Efficient-VLN: A Training-Efficient Vision-Language Navigation Model (2512.10310v1)

Abstract: Multimodal LLMs (MLLMs) have shown promising potential in Vision-Language Navigation (VLN). However, their practical development is severely hindered by the substantial training overhead. We recognize two key issues that contribute to the overhead: (1) the quadratic computational burden from processing long-horizon historical observations as massive sequences of tokens, and (2) the exploration-efficiency trade-off in DAgger, i.e., a data aggregation process of collecting agent-explored trajectories. While more exploration yields effective error-recovery trajectories for handling test-time distribution shifts, it comes at the cost of longer trajectory lengths for both training and inference. To address these challenges, we propose Efficient-VLN, a training-efficient VLN model. Specifically, to mitigate the token processing burden, we design two efficient memory mechanisms: a progressive memory that dynamically allocates more tokens to recent observations, and a learnable recursive memory that utilizes the key-value cache of learnable tokens as the memory state. Moreover, we introduce a dynamic mixed policy to balance the exploration-efficiency trade-off. Extensive experiments show that Efficient-VLN achieves state-of-the-art performance on R2R-CE (64.2% SR) and RxR-CE (67.0% SR). Critically, our model consumes merely 282 H800 GPU hours, demonstrating a dramatic reduction in training overhead compared to state-of-the-art methods.

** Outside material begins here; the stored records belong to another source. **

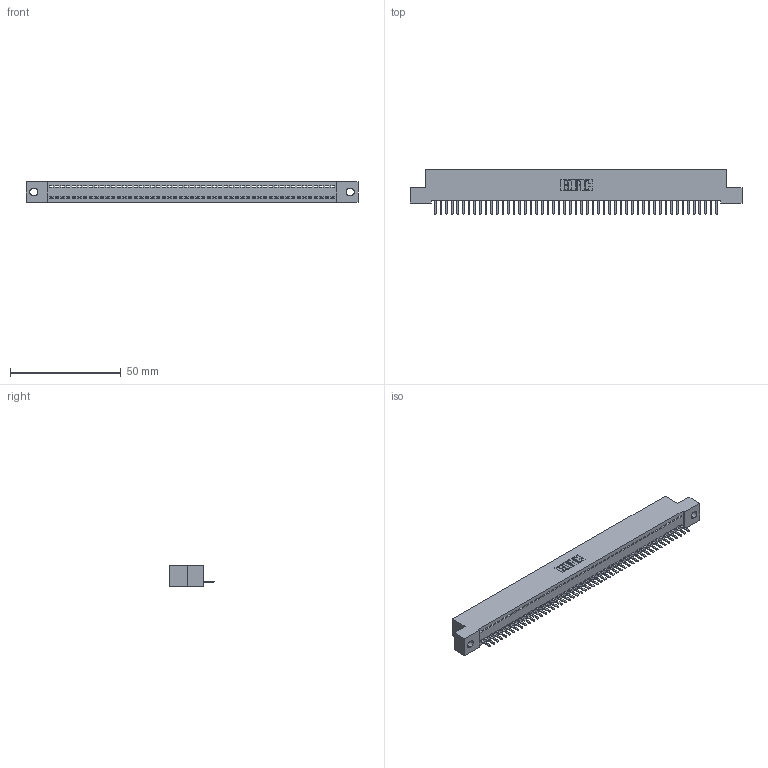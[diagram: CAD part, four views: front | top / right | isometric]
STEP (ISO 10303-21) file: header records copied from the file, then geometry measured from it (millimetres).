
FILE_DESCRIPTION (( 'STEP AP203' ), '1' );
FILE_NAME ('392-051-520-102.STEP', '2019-10-08T11:49:10', ( '' ), ( '' ), 'SwSTEP 2.0', 'SolidWorks 2016', '' );
FILE_SCHEMA (( 'CONFIG_CONTROL_DESIGN' ));
Length unit declared in the file: inch
Products named in the file (3): 342 Part_.128 Slot; 345-292-001_345-293-120; 392-051-520-102
Assembly tree (52 placements, depth 2):
  392-051-520-102
    342 Part_.128 Slot
    345-292-001_345-293-120  x51
Bounding box: 149.86 x 20.02 x 9.4 mm (x, y, z)
Volume: 12974 mm3; surface area: 18510.3 mm2
Topology: 52 solids, 52 shells, 3276 faces, 9695 edges, 6326 vertices
Faces by surface type: plane 2314, cylinder 962
Entity records: 30131 total; most frequent: CARTESIAN_POINT 5215, ORIENTED_EDGE 5190, DIRECTION 4369, EDGE_CURVE 2595, VECTOR 2463, LINE 2463, VERTEX_POINT 1726, AXIS2_PLACEMENT_3D 953

• The paper introduces an efficient VLN architecture using progressive and recursive memory to significantly reduce token overhead and training compute.
• It enhances navigation by fusing 3D geometric context into 2D visual features and employing a dynamic DAgger policy to cut exploration overhead.
• Empirical results demonstrate state-of-the-art success rates on R2R-CE and RxR-CE benchmarks with markedly lower compute requirements compared to previous models.

Efficient-VLN: A Training-Efficient Vision-Language Navigation Model

Introduction

Efficient-VLN proposes a highly efficient architecture for Vision-Language Navigation (VLN) using Multimodal LLMs (MLLMs). The motivation originates from the impractical computational demands imposed by existing MLLM-based VLN methods, especially in processing long-horizon historical observations and the inefficiency of standard DAgger-based data aggregation. Efficient-VLN addresses two main sources of overhead: (1) the quadratic complexity of encoding long token sequences and (2) extensive exploration steps required to gather error-recovery data via DAgger. The architecture incorporates novel memory representations and an adaptive exploration policy, resulting in a substantial reduction of resource requirements while achieving state-of-the-art navigation accuracy.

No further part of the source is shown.